The statue stood in a little clearing, surrounded by trees on all sides. A little brick pavilion encircled it. Peter Pan, in dark bronze and with a flute in his hand, stood on top of a big bronze boulder, looking down as if he were about to hop off.
I couldn’t help smiling, the little figure was so delicate and charming. “It’s so cute.”
Oliver nodded. “It’s really famous. You see people from all over the world taking pictures here.”
We walked slowly around Peter Pan’s boulder, looking at the statue from all angles.
“What’s the attraction, do you think?” I asked. “Is it because everyone remembers the story from growing up?” I stooped to pick up a big sycamore leaf and twirled it between my fingers.
“I don’t know.” We stopped, and Oliver leaned back against the boulder. “Maybe it’s the allure of never growing up. I mean, wouldn’t you want to never get old, if you could?”
I shook my head. “And be seventeen forever? No. Definitely not.” I thought of the mess my life was in right now. I wanted to be done with all this.
I opened my mouth with the intention of telling Oliver so, when I caught a sudden movement out of the corner of my eye. Someone in gray was coming down the path toward us, walking swiftly and purposefully.

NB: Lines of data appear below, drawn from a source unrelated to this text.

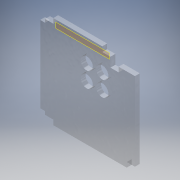
# Autodesk Inventor part: sidertop
Saved by Autodesk Inventor 2019 (Build 230136000, 136)
## iProperties
Created: 2019-05-01
Part Number: sidertop
Material: Acrylic, Clear
Document SubType Name: Modeling
Designer: super pig
Density: 1.19 g/cm^3
Appearance: Transparent - Clear
Author: super pig
Autodesk Inventor part; units mm, degrees
ref_plane "YZ Plane" through (0, 0, 0) normal (1, 0, 0) x (0, 1, 0)
ref_plane "XZ Plane" through (0, 0, 0) normal (0, 1, 0) x (-1, 0, 0)
ref_plane "XY Plane" through (0, 0, 0) normal (0, 0, 1) x (1, 0, 0)
ref_plane "Work Plane1" through (0, 0, 0) normal (0, 0, 1) x (1, 0, 0)
sketch "Sketch1" plane through (0, 0, 0) normal (0, 0, 1) x (1, 0, 0)
  line L0 (8, 7.5) -> (38, 7.5) projected
  line L1 (38, 4.5) -> (38, 7.5) projected
  line L2 (38, 4.5) -> (43, 4.5) projected
  line L3 (43, -1.3) -> (43, 1.7) projected
  line L4 (43, -1.3) -> (48, -1.3) projected
  line L5 (48, -1.3) -> (48, 1.7) projected
  line L6 (48, 1.7) -> (58, 1.7) projected
  line L7 (58, -1.3) -> (58, 1.7) projected
  line L8 (58, -46.3) -> (53, -46.3) projected
  line L9 (53, -46.3) -> (53, -49.3) projected
  line L10 (53, -49.3) -> (8, -49.3) projected
  line L11 (8, -46.3) -> (8, -49.3) projected
  line L12 (8, -46.3) -> (3, -46.3) projected
  line L13 (3, -44.3) -> (3, -49.3) projected
  line L14 (3, -44.3) -> (0, -44.3) projected
  line L15 (0, -44.3) -> (0, 2.5) projected
  line L16 (3, 2.5) -> (0, 2.5) projected
  line L17 (3, 7.5) -> (3, 2.5) projected
  line L18 (3, 4.5) -> (8, 4.5) projected
  line L19 (8, 4.5) -> (8, 7.5) projected
  line L20 (58, -46.3) -> (58, -1.3)
  line L21 (43, 1.7) -> (43, 4.5)
  constraints: 4 end point, 2 vertical
extrude "Extrusion1" add sketch "Sketch1" along normal blind 3
sketch "Sketch2" plane through (0, 0, 3) normal (0, 0, 1) x (1, 0, 0)
  circle A0 centre (38, -6.3) radius 3.75
  circle A1 centre (38, -15.8) radius 3.75
  circle A2 centre (28.5, -15.8) radius 3.75
  line L0 (48, -1.3) -> (43, -1.3) projected
  line L1 (58, -46.3) -> (58, 1.7) projected
  circle A3 centre (28.5, -6.3) radius 3.75
  point P0 (0, 0)
  dimension "d2" = 5
  dimension "d3" = 7.5
  dimension "d4" = 9.5
  dimension "d6" = 20
  dimension "d9" = 9.5
  constraints: 4 centre point, 3 equal radius, 2 horizontal alignment, 2 vertical alignment
  measures "d2" distance from line of L0 A0.centre
  measures "d3" diameter of A0
  measures "d4" distance of A1.centre A0.centre
  measures "d6" distance from line of L1 A0.centre
  measures "d9" distance of A1.centre A2.centre
extrude "Extrusion2" cut sketch "Sketch2" against normal blind 3
equation "\"d9\" = d4"
body "Solid1"
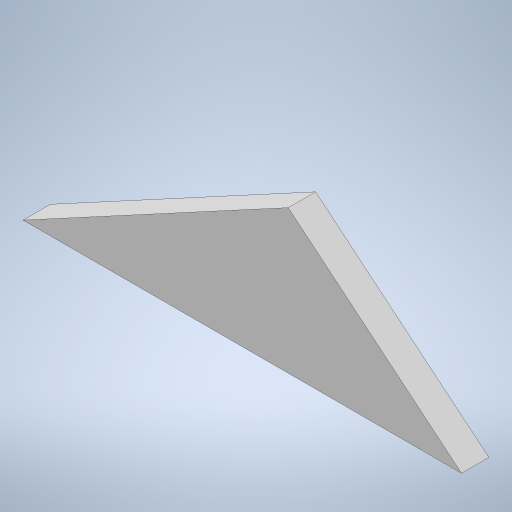
# Autodesk Inventor part: flap
Saved by Autodesk Inventor 2023 (Build 270158000, 158)
## iProperties
Created: 2024-02-01
Part Number: flap
Material: Ogólny
Document SubType Name: Modeling
Designer: domin
Density: 1 g/cm^3
Appearance: Domyślna
Author: domin
Autodesk Inventor part; units mm, degrees
ref_plane "YZ Plane" through (0, 0, 0) normal (1, 0, 0) x (0, 1, 0)
ref_plane "XZ Plane" through (0, 0, 0) normal (0, 1, 0) x (-1, 0, 0)
ref_plane "XY Plane" through (0, 0, 0) normal (0, 0, 1) x (1, 0, 0)
sketch "Szkic1" plane through (0, 0, 0) normal (0, 0, 1) x (1, 0, 0)
  line L0 (0, 0) -> (80, 0)
  line L1 (0, 0) -> (48.3834, 26.1543)
  line L2 (48.3834, 26.1543) -> (80, 0)
  dimension "d0" = 80
  dimension "d1" = 55
  dimension "d5" = 39.599
  constraints: 6 end point, 1 horizontal
  measures "d0" distance of L0.start L0.end
  measures "d1" distance of L0.start L1.end
  measures "d5" angle of L2 L0
extrude "Wyciągnięcie proste1" add sketch "Szkic1" along normal blind 5

Jeremiah. My heart gave a great thud, and adrenaline shot into my system. I grabbed Oliver’s hand. “Run!” I gasped, dragging at him.
Jeremiah saw us, I could tell, and started picking up his pace. His hand was tucked inside his suit-coat pocket. For an instant, our eyes met, and he smiled broadly.
Without thinking, I turned and plunged into the nearby bushes, still holding Oliver’s hand.
Get away.
That was the only thought in my mind.
“Zoe! What’s going on?” Oliver stumbled behind me as we fought our way out of the thicket.